Nah kawan dekat muda, mari kami simak yuck gaul yang sebenarnya.
Sobat muda, Dalam Islam sendiri, gaul berarti punyai prinsip. Kan nggak lucu banget, kalo kami ngaku gaul tapi ke mana-mana cuma ikut-ikutan tanpa basic dengan sebutan lain moto copy. Nah, untuk itu kami harus nyari tau prinsip tersebut. Sebagai seorang muslim, kami membawa cara gaul, yakniDekati dan akrabi Ilmu Agama, khususnya Al-Qur’an dan As-Sunnah. Pramuka aja punyai prinsip “Satyaku kudharmakan, dharmaku kubaktikan”, masa’ sih kami sebagai seorang muslim yang merupakan ummat terbaik tambah nggak punyai prinsip. Tentunya Malu dong!!!
Lantas apa prinsip kami sebagai Muslim? Ada yang bilang “Hidup mulia atau mati syahid!”
Bener banget sobh! Seratus deh membuat anda yang menjawab bener tadi!
Selain itu, khusus muslim yang gaul tercermin didalam tujuh sifat. Simak baik-baik yaaa….! Setelah itu diamalkan. Baru deh kalian tepat disebut sebagai insan yang gaul.

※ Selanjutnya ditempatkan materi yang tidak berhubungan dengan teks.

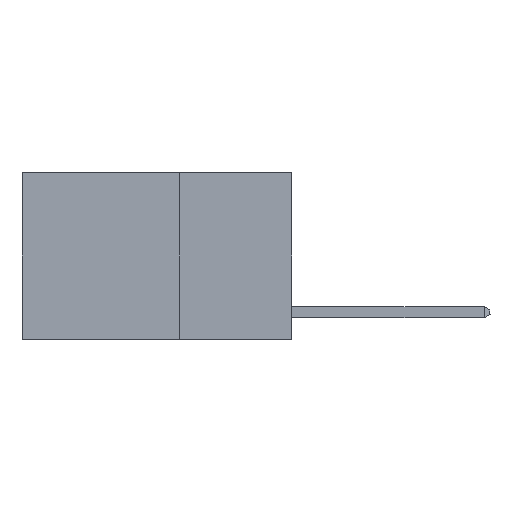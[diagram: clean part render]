
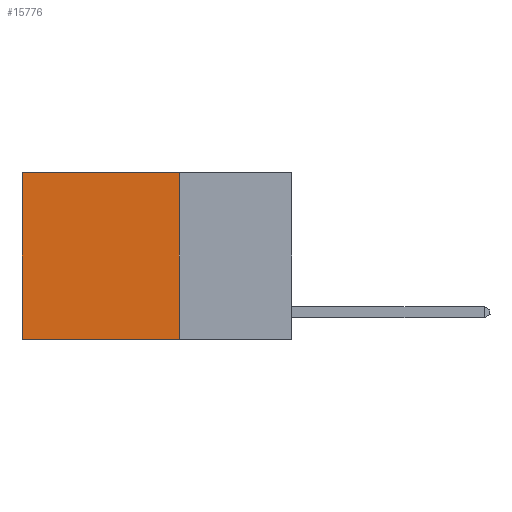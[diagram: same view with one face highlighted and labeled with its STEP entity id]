
A CAD part, left-side view. The second image highlights one B-rep face of the part: STEP entity #15776.
In plain terms, the highlighted planar face has unit normal (-1, 0, 0).
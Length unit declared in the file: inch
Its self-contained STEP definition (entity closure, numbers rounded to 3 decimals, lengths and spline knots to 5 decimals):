
#1536 = CARTESIAN_POINT ( 'NONE',  ( 0.2625, 0.6, -0.37 ) ) ;
#2780 = CARTESIAN_POINT ( 'NONE',  ( 0.2625, 0.25, 0. ) ) ;
#3455 = EDGE_CURVE ( 'NONE', #12521, #24218, #7441, .T. ) ;
#3525 = AXIS2_PLACEMENT_3D ( 'NONE', #3775, #20611, #7631 ) ;
#3775 = CARTESIAN_POINT ( 'NONE',  ( 0.2625, 0.25, 0. ) ) ;
#5457 = ORIENTED_EDGE ( 'NONE', *, *, #24167, .F. ) ;
#5525 = CARTESIAN_POINT ( 'NONE',  ( 0.2625, 0.25, -0.37 ) ) ;
#5526 = VECTOR ( 'NONE', #18895, 39.37008 ) ;
#5793 = VERTEX_POINT ( 'NONE', #1536 ) ;
#6449 = CARTESIAN_POINT ( 'NONE',  ( 0.2625, 0.25, -0.37 ) ) ;
#7441 = LINE ( 'NONE', #2780, #13822 ) ;
#7631 = DIRECTION ( 'NONE',  ( 0., 0., -1. ) ) ;
#8267 = VECTOR ( 'NONE', #18166, 39.37008 ) ;
#9220 = DIRECTION ( 'NONE',  ( 0., 1., 0. ) ) ;
#9553 = FACE_OUTER_BOUND ( 'NONE', #25598, .T. ) ;
#9735 = LINE ( 'NONE', #24341, #14716 ) ;
#9838 = CARTESIAN_POINT ( 'NONE',  ( 0.2625, 0.6, 0. ) ) ;
#10276 = EDGE_CURVE ( 'NONE', #24218, #5793, #17903, .T. ) ;
#10599 = ORIENTED_EDGE ( 'NONE', *, *, #3455, .T. ) ;
#12521 = VERTEX_POINT ( 'NONE', #12791 ) ;
#12791 = CARTESIAN_POINT ( 'NONE',  ( 0.2625, 0.25, 0. ) ) ;
#13822 = VECTOR ( 'NONE', #9220, 39.37008 ) ;
#14716 = VECTOR ( 'NONE', #24086, 39.37008 ) ;
#15776 = ADVANCED_FACE ( 'NONE', ( #9553 ), #26620, .F. ) ;
#15812 = ORIENTED_EDGE ( 'NONE', *, *, #10276, .T. ) ;
#15904 = LINE ( 'NONE', #6449, #5526 ) ;
#17903 = LINE ( 'NONE', #9838, #8267 ) ;
#18166 = DIRECTION ( 'NONE',  ( 0., 0., -1. ) ) ;
#18895 = DIRECTION ( 'NONE',  ( 0., 1., 0. ) ) ;
#20156 = VERTEX_POINT ( 'NONE', #5525 ) ;
#20611 = DIRECTION ( 'NONE',  ( 1., 0., 0. ) ) ;
#24086 = DIRECTION ( 'NONE',  ( 0., 0., -1. ) ) ;
#24167 = EDGE_CURVE ( 'NONE', #20156, #5793, #15904, .T. ) ;
#24218 = VERTEX_POINT ( 'NONE', #24774 ) ;
#24341 = CARTESIAN_POINT ( 'NONE',  ( 0.2625, 0.25, 0. ) ) ;
#24518 = EDGE_CURVE ( 'NONE', #12521, #20156, #9735, .T. ) ;
#24632 = ORIENTED_EDGE ( 'NONE', *, *, #24518, .F. ) ;
#24774 = CARTESIAN_POINT ( 'NONE',  ( 0.2625, 0.6, 0. ) ) ;
#25598 = EDGE_LOOP ( 'NONE', ( #15812, #5457, #24632, #10599 ) ) ;
#26620 = PLANE ( 'NONE',  #3525 ) ;
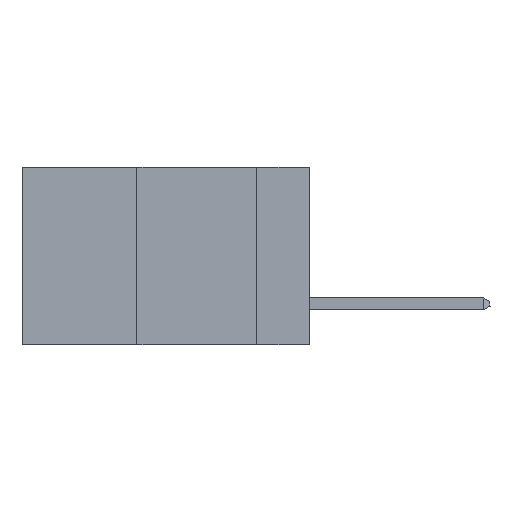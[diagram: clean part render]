
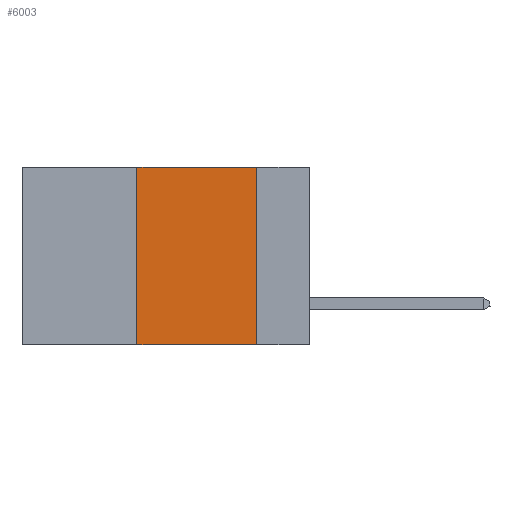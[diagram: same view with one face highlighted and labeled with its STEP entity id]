
A CAD part, left-side view. The second image highlights one B-rep face of the part: STEP entity #6003.
In plain terms, the highlighted planar face has unit normal (-1, 0, 0).
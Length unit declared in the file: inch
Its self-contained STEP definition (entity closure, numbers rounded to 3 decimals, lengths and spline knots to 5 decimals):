
#241 = DIRECTION ( 'NONE',  ( 0., 0., 1. ) ) ;
#618 = VERTEX_POINT ( 'NONE', #7414 ) ;
#640 = PLANE ( 'NONE',  #1356 ) ;
#1004 = VECTOR ( 'NONE', #241, 39.37008 ) ;
#1356 = AXIS2_PLACEMENT_3D ( 'NONE', #4302, #12886, #10221 ) ;
#1516 = CARTESIAN_POINT ( 'NONE',  ( 0., 0.36, -0.37 ) ) ;
#1662 = DIRECTION ( 'NONE',  ( 0., 0., -1. ) ) ;
#2424 = VERTEX_POINT ( 'NONE', #1516 ) ;
#3055 = ORIENTED_EDGE ( 'NONE', *, *, #7923, .T. ) ;
#3067 = VECTOR ( 'NONE', #8862, 39.37008 ) ;
#3245 = LINE ( 'NONE', #5127, #1004 ) ;
#3645 = ORIENTED_EDGE ( 'NONE', *, *, #13189, .F. ) ;
#4158 = ORIENTED_EDGE ( 'NONE', *, *, #8383, .F. ) ;
#4302 = CARTESIAN_POINT ( 'NONE',  ( 0., 0.6, 0. ) ) ;
#4437 = CARTESIAN_POINT ( 'NONE',  ( 0., 0.6, -0.37 ) ) ;
#5127 = CARTESIAN_POINT ( 'NONE',  ( 0., 0.36, 0. ) ) ;
#5225 = CARTESIAN_POINT ( 'NONE',  ( 0., 0.11, 0. ) ) ;
#6003 = ADVANCED_FACE ( 'NONE', ( #13431 ), #640, .F. ) ;
#6331 = CARTESIAN_POINT ( 'NONE',  ( 0., 0.6, 0. ) ) ;
#7414 = CARTESIAN_POINT ( 'NONE',  ( 0., 0.36, 0. ) ) ;
#7475 = LINE ( 'NONE', #6331, #3067 ) ;
#7691 = EDGE_LOOP ( 'NONE', ( #9598, #4158, #3645, #3055 ) ) ;
#7923 = EDGE_CURVE ( 'NONE', #2424, #9945, #9918, .T. ) ;
#8383 = EDGE_CURVE ( 'NONE', #618, #8785, #7475, .T. ) ;
#8433 = EDGE_CURVE ( 'NONE', #8785, #9945, #8957, .T. ) ;
#8785 = VERTEX_POINT ( 'NONE', #13559 ) ;
#8862 = DIRECTION ( 'NONE',  ( 0., -1., 0. ) ) ;
#8957 = LINE ( 'NONE', #5225, #15036 ) ;
#9598 = ORIENTED_EDGE ( 'NONE', *, *, #8433, .F. ) ;
#9918 = LINE ( 'NONE', #4437, #15045 ) ;
#9945 = VERTEX_POINT ( 'NONE', #11147 ) ;
#10221 = DIRECTION ( 'NONE',  ( 0., 0., -1. ) ) ;
#11147 = CARTESIAN_POINT ( 'NONE',  ( 0., 0.11, -0.37 ) ) ;
#12886 = DIRECTION ( 'NONE',  ( 1., 0., 0. ) ) ;
#13189 = EDGE_CURVE ( 'NONE', #2424, #618, #3245, .T. ) ;
#13431 = FACE_OUTER_BOUND ( 'NONE', #7691, .T. ) ;
#13559 = CARTESIAN_POINT ( 'NONE',  ( 0., 0.11, 0. ) ) ;
#14352 = DIRECTION ( 'NONE',  ( 0., -1., 0. ) ) ;
#15036 = VECTOR ( 'NONE', #1662, 39.37008 ) ;
#15045 = VECTOR ( 'NONE', #14352, 39.37008 ) ;

1. Salimul Aqidah (aqidah yang bersih)
Nah kawan dekat muda, Salimul aqidah merupakan sesuatu yang harus tersedia terhadap tiap tiap muslim. Dengan aqidah yang bersih, seorang muslim dapat punyai ikatan yang kuat kepada Alloh . Dengan Seragam SMA ikatan yang kuat itu kami nggak dapat nyimpang dari jalur dan ketentuan-ketentuan-Nya. Dengan kebersihan dan kemantapan aqidah, seorang Muslim dapat menyerahkan segala perbuatannya kepada Alloh ta’ala sebagaimana didalam firman-Nya:
“Sesungguhnya shalatku, ibadahku, hidupku dan matiku, seluruh bagi Alloh tuhan semesta alam” (QS. Al An’am:162).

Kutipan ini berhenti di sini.